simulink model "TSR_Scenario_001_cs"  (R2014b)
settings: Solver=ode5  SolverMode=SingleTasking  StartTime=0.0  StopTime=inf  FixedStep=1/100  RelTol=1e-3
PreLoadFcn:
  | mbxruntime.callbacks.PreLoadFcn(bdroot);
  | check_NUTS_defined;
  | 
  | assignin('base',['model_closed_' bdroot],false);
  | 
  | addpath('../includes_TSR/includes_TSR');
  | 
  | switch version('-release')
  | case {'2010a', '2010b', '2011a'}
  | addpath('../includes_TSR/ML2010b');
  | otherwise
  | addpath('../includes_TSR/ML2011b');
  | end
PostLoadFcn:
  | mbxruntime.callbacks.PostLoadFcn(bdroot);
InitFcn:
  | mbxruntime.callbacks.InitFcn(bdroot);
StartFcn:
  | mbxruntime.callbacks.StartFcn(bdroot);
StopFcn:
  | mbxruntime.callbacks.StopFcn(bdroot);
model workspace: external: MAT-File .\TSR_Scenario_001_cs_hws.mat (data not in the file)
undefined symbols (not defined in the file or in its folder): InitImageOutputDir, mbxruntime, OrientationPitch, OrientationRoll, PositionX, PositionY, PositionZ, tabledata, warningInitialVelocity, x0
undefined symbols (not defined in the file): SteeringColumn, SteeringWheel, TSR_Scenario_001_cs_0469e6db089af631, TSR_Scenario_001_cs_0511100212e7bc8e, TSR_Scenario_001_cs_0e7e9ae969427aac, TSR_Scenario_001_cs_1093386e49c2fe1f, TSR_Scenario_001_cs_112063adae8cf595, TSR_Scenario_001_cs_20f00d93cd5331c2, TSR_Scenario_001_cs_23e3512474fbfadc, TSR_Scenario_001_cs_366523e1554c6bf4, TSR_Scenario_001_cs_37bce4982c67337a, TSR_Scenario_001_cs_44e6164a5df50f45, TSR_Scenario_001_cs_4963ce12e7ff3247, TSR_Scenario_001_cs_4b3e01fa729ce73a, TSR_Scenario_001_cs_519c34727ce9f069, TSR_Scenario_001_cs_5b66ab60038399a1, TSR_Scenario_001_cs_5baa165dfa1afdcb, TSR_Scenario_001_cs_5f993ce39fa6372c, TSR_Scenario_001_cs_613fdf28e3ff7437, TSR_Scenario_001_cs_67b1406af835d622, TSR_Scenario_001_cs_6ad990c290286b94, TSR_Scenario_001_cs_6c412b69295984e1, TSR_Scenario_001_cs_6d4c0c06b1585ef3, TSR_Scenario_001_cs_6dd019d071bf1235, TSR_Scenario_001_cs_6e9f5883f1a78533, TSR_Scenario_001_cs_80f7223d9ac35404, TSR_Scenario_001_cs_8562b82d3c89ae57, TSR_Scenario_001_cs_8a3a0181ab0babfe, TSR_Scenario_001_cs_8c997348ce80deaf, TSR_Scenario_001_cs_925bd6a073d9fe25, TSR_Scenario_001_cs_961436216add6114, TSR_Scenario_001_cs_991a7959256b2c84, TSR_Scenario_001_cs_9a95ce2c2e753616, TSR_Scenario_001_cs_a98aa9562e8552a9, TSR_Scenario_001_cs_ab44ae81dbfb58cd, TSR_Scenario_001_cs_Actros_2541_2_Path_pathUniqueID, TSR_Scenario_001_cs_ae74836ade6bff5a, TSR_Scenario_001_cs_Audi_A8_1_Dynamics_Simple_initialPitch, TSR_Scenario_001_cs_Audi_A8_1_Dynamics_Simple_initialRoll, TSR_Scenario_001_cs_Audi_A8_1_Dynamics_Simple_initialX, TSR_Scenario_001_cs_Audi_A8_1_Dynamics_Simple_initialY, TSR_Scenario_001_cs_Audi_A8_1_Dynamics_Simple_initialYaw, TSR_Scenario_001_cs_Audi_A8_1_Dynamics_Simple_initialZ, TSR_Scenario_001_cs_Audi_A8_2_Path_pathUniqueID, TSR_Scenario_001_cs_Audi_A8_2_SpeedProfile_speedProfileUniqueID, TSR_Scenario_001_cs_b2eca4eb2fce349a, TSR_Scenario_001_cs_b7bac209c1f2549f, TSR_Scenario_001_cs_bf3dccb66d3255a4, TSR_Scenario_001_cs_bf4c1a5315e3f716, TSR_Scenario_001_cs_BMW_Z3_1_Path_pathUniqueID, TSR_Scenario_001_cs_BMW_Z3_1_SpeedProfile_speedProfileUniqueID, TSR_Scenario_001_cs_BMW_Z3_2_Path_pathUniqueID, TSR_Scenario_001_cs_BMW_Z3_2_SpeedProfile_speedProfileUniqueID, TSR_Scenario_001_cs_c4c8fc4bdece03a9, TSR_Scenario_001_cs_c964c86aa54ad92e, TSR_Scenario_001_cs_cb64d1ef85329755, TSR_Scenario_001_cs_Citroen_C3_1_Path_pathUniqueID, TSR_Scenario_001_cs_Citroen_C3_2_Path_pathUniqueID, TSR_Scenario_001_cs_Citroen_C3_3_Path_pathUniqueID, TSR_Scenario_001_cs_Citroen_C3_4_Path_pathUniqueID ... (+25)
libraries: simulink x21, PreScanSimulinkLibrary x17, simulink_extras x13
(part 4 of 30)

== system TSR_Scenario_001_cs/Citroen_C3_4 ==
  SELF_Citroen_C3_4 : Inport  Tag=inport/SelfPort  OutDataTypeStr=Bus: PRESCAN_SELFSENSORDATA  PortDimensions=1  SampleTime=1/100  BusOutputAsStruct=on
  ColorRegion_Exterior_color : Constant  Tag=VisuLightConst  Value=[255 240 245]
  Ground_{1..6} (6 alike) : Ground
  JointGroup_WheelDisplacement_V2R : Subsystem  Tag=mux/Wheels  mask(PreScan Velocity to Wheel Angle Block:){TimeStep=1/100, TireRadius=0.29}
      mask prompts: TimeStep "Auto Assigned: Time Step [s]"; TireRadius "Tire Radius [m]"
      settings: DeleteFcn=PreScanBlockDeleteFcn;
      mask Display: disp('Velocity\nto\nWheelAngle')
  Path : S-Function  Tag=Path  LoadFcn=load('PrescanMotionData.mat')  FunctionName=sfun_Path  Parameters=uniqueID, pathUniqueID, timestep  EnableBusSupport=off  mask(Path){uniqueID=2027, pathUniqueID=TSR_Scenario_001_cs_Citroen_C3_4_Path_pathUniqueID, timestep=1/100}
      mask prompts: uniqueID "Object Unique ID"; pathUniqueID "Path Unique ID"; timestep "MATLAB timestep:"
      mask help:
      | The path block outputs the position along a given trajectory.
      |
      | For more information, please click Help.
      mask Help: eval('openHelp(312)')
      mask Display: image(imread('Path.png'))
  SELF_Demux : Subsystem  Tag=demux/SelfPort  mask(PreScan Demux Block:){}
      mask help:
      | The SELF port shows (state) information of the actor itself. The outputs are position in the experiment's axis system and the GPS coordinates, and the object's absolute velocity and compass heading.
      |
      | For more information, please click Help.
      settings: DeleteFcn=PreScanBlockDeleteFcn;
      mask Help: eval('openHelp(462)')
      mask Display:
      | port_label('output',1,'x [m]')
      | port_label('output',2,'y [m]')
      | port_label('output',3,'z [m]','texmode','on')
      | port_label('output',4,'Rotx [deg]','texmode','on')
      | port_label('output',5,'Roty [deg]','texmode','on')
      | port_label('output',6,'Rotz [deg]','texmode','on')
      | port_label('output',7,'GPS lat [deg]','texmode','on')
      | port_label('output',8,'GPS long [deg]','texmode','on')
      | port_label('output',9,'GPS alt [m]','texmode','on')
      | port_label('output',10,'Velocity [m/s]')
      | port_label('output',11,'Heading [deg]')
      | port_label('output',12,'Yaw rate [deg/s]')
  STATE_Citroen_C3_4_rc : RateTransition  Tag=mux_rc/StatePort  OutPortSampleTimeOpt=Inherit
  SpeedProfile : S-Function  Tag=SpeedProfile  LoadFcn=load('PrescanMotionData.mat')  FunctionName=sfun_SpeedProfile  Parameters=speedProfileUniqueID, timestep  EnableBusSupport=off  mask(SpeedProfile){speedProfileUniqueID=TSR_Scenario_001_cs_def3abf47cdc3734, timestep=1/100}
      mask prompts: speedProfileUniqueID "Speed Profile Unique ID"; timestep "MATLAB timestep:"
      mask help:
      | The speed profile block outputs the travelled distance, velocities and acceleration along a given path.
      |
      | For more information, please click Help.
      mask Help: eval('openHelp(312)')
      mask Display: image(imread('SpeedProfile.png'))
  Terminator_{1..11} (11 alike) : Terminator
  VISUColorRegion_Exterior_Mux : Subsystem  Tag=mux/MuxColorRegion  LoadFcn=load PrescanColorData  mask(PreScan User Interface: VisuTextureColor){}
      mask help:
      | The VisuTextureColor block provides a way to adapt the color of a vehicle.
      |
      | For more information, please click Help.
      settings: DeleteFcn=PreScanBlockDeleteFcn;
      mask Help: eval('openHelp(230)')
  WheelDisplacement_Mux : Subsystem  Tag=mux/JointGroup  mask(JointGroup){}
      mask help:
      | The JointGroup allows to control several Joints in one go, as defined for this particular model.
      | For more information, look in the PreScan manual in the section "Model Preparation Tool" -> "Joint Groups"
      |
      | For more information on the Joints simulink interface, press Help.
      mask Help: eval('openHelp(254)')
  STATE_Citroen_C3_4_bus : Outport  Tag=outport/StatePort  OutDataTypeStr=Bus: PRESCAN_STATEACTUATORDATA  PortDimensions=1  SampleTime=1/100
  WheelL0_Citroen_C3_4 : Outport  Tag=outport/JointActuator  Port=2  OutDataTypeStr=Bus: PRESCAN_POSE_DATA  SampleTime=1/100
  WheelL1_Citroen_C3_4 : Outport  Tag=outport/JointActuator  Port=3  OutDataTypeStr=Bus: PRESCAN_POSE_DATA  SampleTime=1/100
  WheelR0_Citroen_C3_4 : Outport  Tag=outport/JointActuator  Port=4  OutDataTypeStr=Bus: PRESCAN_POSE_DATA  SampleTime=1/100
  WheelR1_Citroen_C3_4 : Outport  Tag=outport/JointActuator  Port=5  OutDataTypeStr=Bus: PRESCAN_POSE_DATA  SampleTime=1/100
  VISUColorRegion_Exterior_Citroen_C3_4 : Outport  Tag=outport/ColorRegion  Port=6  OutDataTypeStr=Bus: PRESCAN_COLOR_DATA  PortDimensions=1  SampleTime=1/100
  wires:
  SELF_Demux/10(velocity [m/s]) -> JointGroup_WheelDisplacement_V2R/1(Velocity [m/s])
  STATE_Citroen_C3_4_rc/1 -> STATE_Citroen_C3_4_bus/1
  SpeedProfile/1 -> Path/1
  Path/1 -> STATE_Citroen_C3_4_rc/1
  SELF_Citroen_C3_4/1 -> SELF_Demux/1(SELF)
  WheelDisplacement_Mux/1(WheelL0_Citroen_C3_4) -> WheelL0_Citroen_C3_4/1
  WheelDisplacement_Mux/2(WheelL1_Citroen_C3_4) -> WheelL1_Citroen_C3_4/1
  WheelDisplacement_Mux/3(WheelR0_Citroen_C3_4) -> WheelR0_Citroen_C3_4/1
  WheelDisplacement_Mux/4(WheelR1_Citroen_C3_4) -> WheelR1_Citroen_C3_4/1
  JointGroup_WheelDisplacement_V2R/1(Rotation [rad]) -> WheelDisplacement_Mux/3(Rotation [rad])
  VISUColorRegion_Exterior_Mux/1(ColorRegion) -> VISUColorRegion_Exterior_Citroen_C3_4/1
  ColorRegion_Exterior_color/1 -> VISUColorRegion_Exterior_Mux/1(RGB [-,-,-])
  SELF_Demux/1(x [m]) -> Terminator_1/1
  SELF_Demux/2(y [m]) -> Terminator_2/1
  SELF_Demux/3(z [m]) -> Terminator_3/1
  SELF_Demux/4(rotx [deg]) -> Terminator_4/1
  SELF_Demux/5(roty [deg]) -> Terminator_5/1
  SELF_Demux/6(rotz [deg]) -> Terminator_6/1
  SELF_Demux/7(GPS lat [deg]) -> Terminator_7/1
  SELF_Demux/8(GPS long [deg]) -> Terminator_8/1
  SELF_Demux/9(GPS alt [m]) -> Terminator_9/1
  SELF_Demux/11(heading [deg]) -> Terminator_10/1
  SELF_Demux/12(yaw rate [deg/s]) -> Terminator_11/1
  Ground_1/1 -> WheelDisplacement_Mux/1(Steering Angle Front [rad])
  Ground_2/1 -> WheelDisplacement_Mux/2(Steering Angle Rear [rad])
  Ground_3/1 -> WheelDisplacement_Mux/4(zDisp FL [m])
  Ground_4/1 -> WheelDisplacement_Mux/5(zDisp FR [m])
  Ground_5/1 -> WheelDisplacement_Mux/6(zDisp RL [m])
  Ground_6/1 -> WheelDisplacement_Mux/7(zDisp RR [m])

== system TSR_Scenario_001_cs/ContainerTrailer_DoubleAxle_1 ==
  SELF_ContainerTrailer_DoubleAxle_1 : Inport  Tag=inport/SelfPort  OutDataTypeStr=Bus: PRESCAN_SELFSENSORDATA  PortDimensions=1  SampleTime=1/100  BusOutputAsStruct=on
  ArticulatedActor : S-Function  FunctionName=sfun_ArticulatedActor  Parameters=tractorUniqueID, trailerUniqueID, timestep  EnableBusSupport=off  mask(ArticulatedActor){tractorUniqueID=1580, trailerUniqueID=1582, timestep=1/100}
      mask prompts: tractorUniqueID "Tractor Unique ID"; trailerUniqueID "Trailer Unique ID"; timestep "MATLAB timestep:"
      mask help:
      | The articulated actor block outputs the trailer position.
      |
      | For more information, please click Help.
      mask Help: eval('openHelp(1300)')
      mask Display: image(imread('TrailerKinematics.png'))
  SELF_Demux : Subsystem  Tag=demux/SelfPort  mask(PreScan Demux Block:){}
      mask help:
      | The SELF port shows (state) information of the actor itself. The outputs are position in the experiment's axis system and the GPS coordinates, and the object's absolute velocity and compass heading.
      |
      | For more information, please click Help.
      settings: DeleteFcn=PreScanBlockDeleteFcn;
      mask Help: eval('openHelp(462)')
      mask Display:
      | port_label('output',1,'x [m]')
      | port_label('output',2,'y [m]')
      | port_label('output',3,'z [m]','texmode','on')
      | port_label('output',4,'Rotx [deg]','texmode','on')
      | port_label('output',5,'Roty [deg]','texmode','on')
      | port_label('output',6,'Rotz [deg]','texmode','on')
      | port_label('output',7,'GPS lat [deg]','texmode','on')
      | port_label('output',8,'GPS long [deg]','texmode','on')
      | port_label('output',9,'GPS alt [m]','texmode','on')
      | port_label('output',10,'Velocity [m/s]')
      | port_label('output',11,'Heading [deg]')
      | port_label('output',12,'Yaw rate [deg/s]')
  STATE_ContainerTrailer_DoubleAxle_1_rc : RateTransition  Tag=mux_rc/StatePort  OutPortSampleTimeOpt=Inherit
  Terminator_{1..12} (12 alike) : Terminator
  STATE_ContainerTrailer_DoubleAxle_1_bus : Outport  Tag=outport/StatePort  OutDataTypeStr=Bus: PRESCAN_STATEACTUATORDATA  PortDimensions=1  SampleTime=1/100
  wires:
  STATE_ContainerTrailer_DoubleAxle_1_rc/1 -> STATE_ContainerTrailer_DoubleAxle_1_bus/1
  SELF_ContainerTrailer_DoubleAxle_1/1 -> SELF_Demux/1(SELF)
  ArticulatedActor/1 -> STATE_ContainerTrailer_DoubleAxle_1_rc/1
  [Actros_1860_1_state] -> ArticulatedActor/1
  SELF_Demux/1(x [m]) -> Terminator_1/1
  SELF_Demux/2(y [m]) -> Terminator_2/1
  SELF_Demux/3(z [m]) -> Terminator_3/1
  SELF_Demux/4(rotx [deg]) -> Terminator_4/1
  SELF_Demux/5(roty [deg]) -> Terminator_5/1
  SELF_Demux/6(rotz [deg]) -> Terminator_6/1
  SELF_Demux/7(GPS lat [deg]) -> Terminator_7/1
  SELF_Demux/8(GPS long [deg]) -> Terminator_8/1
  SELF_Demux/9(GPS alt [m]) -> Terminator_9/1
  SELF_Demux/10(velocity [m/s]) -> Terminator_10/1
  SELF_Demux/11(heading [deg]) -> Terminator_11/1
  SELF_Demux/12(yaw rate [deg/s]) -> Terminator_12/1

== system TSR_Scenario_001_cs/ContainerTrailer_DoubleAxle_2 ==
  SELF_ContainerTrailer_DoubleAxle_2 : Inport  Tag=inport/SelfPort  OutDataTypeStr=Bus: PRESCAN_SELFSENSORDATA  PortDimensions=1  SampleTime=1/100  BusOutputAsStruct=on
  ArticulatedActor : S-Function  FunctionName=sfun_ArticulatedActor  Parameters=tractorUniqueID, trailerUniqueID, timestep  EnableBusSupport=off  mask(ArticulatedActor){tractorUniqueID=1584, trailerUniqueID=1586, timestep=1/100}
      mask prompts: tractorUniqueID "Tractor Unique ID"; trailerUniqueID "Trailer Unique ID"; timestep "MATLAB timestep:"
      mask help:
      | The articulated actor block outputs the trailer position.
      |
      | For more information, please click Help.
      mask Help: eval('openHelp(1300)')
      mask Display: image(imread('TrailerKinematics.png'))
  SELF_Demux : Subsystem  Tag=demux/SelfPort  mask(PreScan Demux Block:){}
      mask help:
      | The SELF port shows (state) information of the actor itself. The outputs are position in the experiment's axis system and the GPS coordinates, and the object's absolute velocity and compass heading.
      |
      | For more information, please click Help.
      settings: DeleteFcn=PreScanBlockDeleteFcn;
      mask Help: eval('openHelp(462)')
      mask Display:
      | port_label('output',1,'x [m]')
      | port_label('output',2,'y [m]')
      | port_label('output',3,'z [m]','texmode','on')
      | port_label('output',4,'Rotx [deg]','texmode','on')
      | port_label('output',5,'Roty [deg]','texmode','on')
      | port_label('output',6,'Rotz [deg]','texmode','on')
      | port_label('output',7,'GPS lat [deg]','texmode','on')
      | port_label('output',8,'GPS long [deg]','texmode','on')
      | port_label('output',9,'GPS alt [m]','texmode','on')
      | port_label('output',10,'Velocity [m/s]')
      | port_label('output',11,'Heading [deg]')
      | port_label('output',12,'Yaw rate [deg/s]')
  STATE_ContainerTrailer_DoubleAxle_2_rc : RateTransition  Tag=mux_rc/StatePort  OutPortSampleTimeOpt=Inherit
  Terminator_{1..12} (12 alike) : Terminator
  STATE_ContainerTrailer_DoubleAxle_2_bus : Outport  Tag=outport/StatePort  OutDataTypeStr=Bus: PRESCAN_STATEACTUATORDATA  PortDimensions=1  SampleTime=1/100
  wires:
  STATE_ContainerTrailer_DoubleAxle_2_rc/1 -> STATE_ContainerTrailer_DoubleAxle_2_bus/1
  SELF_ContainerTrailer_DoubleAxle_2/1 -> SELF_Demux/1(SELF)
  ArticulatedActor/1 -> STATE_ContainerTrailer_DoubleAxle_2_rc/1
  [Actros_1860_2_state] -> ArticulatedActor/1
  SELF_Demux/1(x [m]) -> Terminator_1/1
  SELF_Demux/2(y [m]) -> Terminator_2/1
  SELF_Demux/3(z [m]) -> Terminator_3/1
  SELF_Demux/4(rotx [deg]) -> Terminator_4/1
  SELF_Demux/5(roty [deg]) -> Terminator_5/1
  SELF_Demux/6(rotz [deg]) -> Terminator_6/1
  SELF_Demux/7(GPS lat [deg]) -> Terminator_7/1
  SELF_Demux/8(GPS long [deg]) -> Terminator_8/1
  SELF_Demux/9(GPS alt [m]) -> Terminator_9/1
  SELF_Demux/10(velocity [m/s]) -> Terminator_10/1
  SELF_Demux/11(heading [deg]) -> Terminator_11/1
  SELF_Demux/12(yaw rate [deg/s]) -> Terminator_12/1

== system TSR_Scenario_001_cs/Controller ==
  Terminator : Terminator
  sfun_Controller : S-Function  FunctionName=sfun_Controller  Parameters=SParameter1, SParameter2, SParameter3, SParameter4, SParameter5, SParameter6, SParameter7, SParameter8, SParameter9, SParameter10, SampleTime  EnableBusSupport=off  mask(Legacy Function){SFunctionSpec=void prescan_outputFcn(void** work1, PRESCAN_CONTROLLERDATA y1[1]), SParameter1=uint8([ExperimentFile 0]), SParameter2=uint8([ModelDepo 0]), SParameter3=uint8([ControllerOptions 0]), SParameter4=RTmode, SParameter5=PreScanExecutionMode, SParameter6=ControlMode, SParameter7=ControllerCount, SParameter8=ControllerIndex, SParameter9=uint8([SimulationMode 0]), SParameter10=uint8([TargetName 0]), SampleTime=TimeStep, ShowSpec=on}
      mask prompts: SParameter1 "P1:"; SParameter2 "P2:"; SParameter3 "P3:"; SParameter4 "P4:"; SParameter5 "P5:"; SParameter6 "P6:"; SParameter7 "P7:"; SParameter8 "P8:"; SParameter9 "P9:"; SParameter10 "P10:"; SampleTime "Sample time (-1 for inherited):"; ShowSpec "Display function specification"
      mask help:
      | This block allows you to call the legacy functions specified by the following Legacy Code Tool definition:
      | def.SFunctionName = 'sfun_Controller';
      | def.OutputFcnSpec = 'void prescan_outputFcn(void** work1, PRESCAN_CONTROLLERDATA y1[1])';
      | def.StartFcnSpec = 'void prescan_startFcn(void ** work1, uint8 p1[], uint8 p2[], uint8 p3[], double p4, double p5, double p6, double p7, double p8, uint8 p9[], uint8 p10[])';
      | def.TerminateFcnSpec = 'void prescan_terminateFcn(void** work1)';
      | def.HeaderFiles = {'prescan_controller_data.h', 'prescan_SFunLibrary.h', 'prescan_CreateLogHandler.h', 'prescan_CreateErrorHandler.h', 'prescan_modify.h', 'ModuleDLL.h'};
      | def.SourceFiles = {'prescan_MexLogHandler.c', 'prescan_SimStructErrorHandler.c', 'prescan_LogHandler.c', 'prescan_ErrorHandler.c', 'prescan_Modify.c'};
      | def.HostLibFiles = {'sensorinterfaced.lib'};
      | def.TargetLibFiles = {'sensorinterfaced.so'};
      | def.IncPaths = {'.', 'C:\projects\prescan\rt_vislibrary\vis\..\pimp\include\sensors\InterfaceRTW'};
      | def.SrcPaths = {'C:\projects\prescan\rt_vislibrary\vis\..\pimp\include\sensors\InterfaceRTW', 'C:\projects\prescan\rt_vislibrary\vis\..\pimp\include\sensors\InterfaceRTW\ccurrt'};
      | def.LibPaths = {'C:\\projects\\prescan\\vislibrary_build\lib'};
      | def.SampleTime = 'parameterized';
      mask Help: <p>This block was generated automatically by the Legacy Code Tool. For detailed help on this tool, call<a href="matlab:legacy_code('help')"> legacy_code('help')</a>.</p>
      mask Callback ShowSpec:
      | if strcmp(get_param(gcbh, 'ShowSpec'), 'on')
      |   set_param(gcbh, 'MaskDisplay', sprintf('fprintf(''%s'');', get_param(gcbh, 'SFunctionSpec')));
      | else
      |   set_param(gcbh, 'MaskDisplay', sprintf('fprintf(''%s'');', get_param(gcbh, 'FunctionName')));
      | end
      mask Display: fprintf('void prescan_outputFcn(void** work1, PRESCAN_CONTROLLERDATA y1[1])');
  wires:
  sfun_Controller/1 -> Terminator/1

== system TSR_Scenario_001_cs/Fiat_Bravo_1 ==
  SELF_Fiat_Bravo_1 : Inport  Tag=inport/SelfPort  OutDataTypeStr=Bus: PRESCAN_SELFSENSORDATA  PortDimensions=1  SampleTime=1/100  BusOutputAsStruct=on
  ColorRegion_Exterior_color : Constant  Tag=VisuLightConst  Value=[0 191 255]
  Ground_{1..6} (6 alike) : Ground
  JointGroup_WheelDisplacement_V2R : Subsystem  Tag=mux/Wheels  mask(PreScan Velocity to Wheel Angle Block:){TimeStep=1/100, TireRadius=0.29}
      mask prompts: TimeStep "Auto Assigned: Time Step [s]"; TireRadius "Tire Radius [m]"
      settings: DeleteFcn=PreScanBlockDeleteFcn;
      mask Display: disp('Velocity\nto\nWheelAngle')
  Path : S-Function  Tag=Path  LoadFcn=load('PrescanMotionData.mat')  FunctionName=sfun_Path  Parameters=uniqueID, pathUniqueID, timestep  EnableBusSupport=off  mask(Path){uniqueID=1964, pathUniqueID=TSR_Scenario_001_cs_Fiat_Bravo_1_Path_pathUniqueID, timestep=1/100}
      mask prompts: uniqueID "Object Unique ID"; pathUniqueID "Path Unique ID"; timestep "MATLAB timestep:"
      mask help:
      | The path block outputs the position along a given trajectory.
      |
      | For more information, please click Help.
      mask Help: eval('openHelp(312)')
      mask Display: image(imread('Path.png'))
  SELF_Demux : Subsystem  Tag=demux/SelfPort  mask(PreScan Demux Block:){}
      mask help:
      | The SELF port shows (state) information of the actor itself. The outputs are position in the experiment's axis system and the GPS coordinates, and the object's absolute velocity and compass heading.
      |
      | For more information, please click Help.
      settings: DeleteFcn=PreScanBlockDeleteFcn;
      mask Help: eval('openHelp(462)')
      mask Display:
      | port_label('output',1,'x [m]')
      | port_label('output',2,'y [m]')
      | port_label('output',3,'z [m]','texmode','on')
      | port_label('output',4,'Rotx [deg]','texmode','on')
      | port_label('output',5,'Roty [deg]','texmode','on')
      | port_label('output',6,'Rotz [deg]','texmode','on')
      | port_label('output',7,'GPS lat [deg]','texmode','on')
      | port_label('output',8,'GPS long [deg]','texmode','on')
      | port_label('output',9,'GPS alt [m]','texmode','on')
──────────────────────────────
Problem to solve | Starting at the line that contains "WheelR0_Citroen_C3_4 : Outport" and stopping after the line that contains "WheelR1_Citroen_C3_4 : Outport", write out every line exactly as it appears above, and no other line.

Output for this task |
  WheelR0_Citroen_C3_4 : Outport  Tag=outport/JointActuator  Port=4  OutDataTypeStr=Bus: PRESCAN_POSE_DATA  SampleTime=1/100
  WheelR1_Citroen_C3_4 : Outport  Tag=outport/JointActuator  Port=5  OutDataTypeStr=Bus: PRESCAN_POSE_DATA  SampleTime=1/100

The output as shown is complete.